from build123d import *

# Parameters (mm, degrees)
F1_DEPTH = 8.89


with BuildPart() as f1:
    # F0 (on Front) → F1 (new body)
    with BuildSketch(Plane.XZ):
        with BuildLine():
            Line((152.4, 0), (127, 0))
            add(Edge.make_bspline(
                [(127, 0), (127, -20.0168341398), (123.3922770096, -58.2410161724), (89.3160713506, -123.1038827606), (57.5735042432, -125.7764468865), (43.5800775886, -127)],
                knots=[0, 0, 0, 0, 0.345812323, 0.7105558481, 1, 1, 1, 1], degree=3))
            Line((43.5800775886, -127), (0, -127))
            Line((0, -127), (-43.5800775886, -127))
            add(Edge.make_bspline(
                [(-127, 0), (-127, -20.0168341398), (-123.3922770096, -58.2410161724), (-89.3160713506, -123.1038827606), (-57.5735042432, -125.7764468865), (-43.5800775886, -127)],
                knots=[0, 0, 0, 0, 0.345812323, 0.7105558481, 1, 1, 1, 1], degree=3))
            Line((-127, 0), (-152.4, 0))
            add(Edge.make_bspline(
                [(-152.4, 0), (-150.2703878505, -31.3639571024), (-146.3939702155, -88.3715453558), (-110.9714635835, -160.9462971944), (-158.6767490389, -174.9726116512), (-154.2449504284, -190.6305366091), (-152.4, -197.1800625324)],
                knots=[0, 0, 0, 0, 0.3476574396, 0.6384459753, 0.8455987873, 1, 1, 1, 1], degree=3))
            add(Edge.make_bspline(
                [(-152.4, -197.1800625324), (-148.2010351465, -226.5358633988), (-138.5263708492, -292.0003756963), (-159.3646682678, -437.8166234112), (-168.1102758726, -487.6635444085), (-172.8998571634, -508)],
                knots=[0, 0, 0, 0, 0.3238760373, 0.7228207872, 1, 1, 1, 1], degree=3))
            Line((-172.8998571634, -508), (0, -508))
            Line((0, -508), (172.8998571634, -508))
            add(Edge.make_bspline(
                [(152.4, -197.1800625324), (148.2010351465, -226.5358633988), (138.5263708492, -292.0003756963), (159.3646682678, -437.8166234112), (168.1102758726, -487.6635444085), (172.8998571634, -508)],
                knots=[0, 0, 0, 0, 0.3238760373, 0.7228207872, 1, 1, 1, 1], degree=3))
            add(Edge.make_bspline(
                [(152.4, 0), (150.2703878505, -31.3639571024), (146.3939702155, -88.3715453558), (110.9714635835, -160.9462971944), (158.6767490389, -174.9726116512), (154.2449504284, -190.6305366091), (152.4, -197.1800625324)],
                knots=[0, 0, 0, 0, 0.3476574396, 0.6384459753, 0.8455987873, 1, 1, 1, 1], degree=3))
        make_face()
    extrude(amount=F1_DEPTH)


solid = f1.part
- - - - -
■ WORK INSTRUCTION
Copy every line of the records above exactly.

■ EXERCISE OUTPUT
from build123d import *

# Parameters (mm, degrees)
F1_DEPTH = 8.89


with BuildPart() as f1:
    # F0 (on Front) → F1 (new body)
    with BuildSketch(Plane.XZ):
        with BuildLine():
            Line((152.4, 0), (127, 0))
            add(Edge.make_bspline(
                [(127, 0), (127, -20.0168341398), (123.3922770096, -58.2410161724), (89.3160713506, -123.1038827606), (57.5735042432, -125.7764468865), (43.5800775886, -127)],
                knots=[0, 0, 0, 0, 0.345812323, 0.7105558481, 1, 1, 1, 1], degree=3))
            Line((43.5800775886, -127), (0, -127))
            Line((0, -127), (-43.5800775886, -127))
            add(Edge.make_bspline(
                [(-127, 0), (-127, -20.0168341398), (-123.3922770096, -58.2410161724), (-89.3160713506, -123.1038827606), (-57.5735042432, -125.7764468865), (-43.5800775886, -127)],
                knots=[0, 0, 0, 0, 0.345812323, 0.7105558481, 1, 1, 1, 1], degree=3))
            Line((-127, 0), (-152.4, 0))
            add(Edge.make_bspline(
                [(-152.4, 0), (-150.2703878505, -31.3639571024), (-146.3939702155, -88.3715453558), (-110.9714635835, -160.9462971944), (-158.6767490389, -174.9726116512), (-154.2449504284, -190.6305366091), (-152.4, -197.1800625324)],
                knots=[0, 0, 0, 0, 0.3476574396, 0.6384459753, 0.8455987873, 1, 1, 1, 1], degree=3))
            add(Edge.make_bspline(
                [(-152.4, -197.1800625324), (-148.2010351465, -226.5358633988), (-138.5263708492, -292.0003756963), (-159.3646682678, -437.8166234112), (-168.1102758726, -487.6635444085), (-172.8998571634, -508)],
                knots=[0, 0, 0, 0, 0.3238760373, 0.7228207872, 1, 1, 1, 1], degree=3))
            Line((-172.8998571634, -508), (0, -508))
            Line((0, -508), (172.8998571634, -508))
            add(Edge.make_bspline(
                [(152.4, -197.1800625324), (148.2010351465, -226.5358633988), (138.5263708492, -292.0003756963), (159.3646682678, -437.8166234112), (168.1102758726, -487.6635444085), (172.8998571634, -508)],
                knots=[0, 0, 0, 0, 0.3238760373, 0.7228207872, 1, 1, 1, 1], degree=3))
            add(Edge.make_bspline(
                [(152.4, 0), (150.2703878505, -31.3639571024), (146.3939702155, -88.3715453558), (110.9714635835, -160.9462971944), (158.6767490389, -174.9726116512), (154.2449504284, -190.6305366091), (152.4, -197.1800625324)],
                knots=[0, 0, 0, 0, 0.3476574396, 0.6384459753, 0.8455987873, 1, 1, 1, 1], degree=3))
        make_face()
    extrude(amount=F1_DEPTH)


solid = f1.part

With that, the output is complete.